Step 9: Multi-Condition Query via a CTE

Combine Steps 7 and 8: photos with both Red Deer and Red Fox, with no Domestic Dog, ranked by probability. The query has three logical layers (co-occurrence, absence, ranking) and reads naturally as a CTE:

WITH deer_and_fox AS (
  SELECT d1.photo_id
  FROM detection d1
  JOIN detection d2 ON d1.photo_id = d2.photo_id
  WHERE d1.species_id = 1 AND d2.species_id = 3
  GROUP BY d1.photo_id
),
no_dogs AS (
  SELECT photo_id FROM deer_and_fox
  EXCEPT
  SELECT photo_id FROM detection WHERE species_id = 13
)
SELECT p.id, p.station, p.date,
       ROUND(probability_evaluate(provenance())::numeric, 4) AS prob
FROM no_dogs t
JOIN photo p ON p.id = t.photo_id
ORDER BY prob DESC, p.id;

ProvSQL’s planner hook fires on the expanded query: CTEs are inlined and provenance propagates through them transparently. The same answer can be written with nested subqueries; the CTE form is purely a readability choice.

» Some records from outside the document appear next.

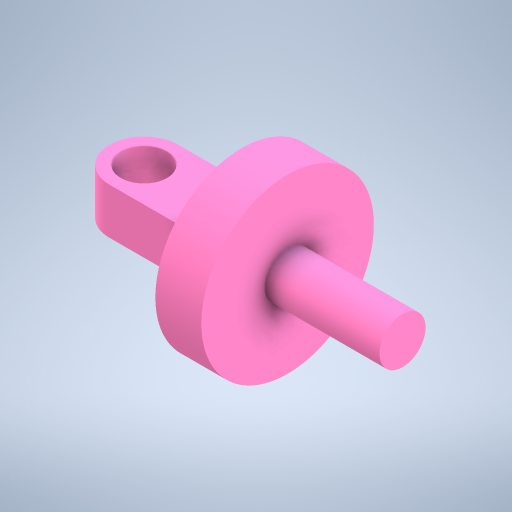
# Autodesk Inventor part: pink-suspension-top
Saved by Autodesk Inventor 2024.1 (Build 281209000, 209)
## iProperties
Created: 2023-11-21
Part Number: pink-suspension-top
Material: ABS プラスチック
Document SubType Name: Modeling
Designer: haruy
Density: 1.06 g/cm^3
Appearance: ピンク
Author: haruy
Autodesk Inventor part; units mm, degrees
ref_plane "YZ Plane" through (0, 0, 0) normal (1, 0, 0) x (0, 1, 0)
ref_plane "XZ Plane" through (0, 0, 0) normal (0, 1, 0) x (-1, 0, 0)
ref_plane "XY Plane" through (0, 0, 0) normal (0, 0, 1) x (1, 0, 0)
sketch "スケッチ1" plane through (0, 0, 0) normal (1, 0, 0) x (0, 1, 0)
  circle A0 centre (0, 0) radius 7.5
  dimension "d0" = 15
  constraints: 1 centre point, 1 coincident
  measures "d0" diameter of A0
extrude "押し出し1" add sketch "スケッチ1" along normal blind 4
sketch "スケッチ2" plane through (0, 0, 0) normal (0, 1, 0) x (-1, 0, 0)
  circle A0 centre (8.5, 0) radius 2
  circle A1 centre (8.5, 0) radius 3
  line L0 (8.5, -3) -> (0, -3)
  line L1 (0, 7.5) -> (0, -7.5) projected
  line L2 (8.5, 3) -> (0, 3)
  point P0 (0, 0)
  dimension "d3" = 4
  dimension "d4" = 6
  dimension "d5" = 8.5
  constraints: 4 end point, 2 centre point, 2 point on circle, 2 point on line, 2 tangent, 1 coincident, 1 horizontal, 1 parallel
  measures "d3" diameter of A0
  measures "d4" diameter of A1
  measures "d5" distance of A0.centre point (0, 0)
extrude "押し出し2" add sketch "スケッチ2" along normal mid plane 4
sketch "スケッチ3" plane through (4, 0, 0) normal (1, 0, 0) x (0, 0, -1)
  circle A0 centre (0, 0) radius 2
  dimension "d8" = 4
  constraints: 1 centre point, 1 coincident
  measures "d8" diameter of A0
extrude "押し出し3" add sketch "スケッチ3" along normal blind 10

Step 10: Expected Species Counts with expected

How many distinct detections do we expect to be true positives in each photo?

SELECT p.id, p.station,
       ROUND(expected(COUNT(*))::numeric, 4) AS exp_detections
FROM detection d
JOIN photo p ON p.id = d.photo_id
GROUP BY p.id, p.station
ORDER BY exp_detections DESC, p.id;

By linearity of expectation, expected(COUNT(*)) over a group is \(\sum_i P(\text{detection}_i \text{ is true})\). The same linearity applies to SUM aggregates: the expected total confidence mass per photo:

SELECT p.id, p.station,
       ROUND(expected(SUM(d.confidence))::numeric, 4) AS exp_total_conf
FROM detection d
JOIN photo p ON p.id = d.photo_id
GROUP BY p.id, p.station
ORDER BY exp_total_conf DESC, p.id;

Both queries use ProvSQL’s expected operator, which computes the expected value of a SQL aggregate over the probabilistic database defined by the per-row probabilities set in Step 6. Photos with many high-confidence detections rank highest on both metrics.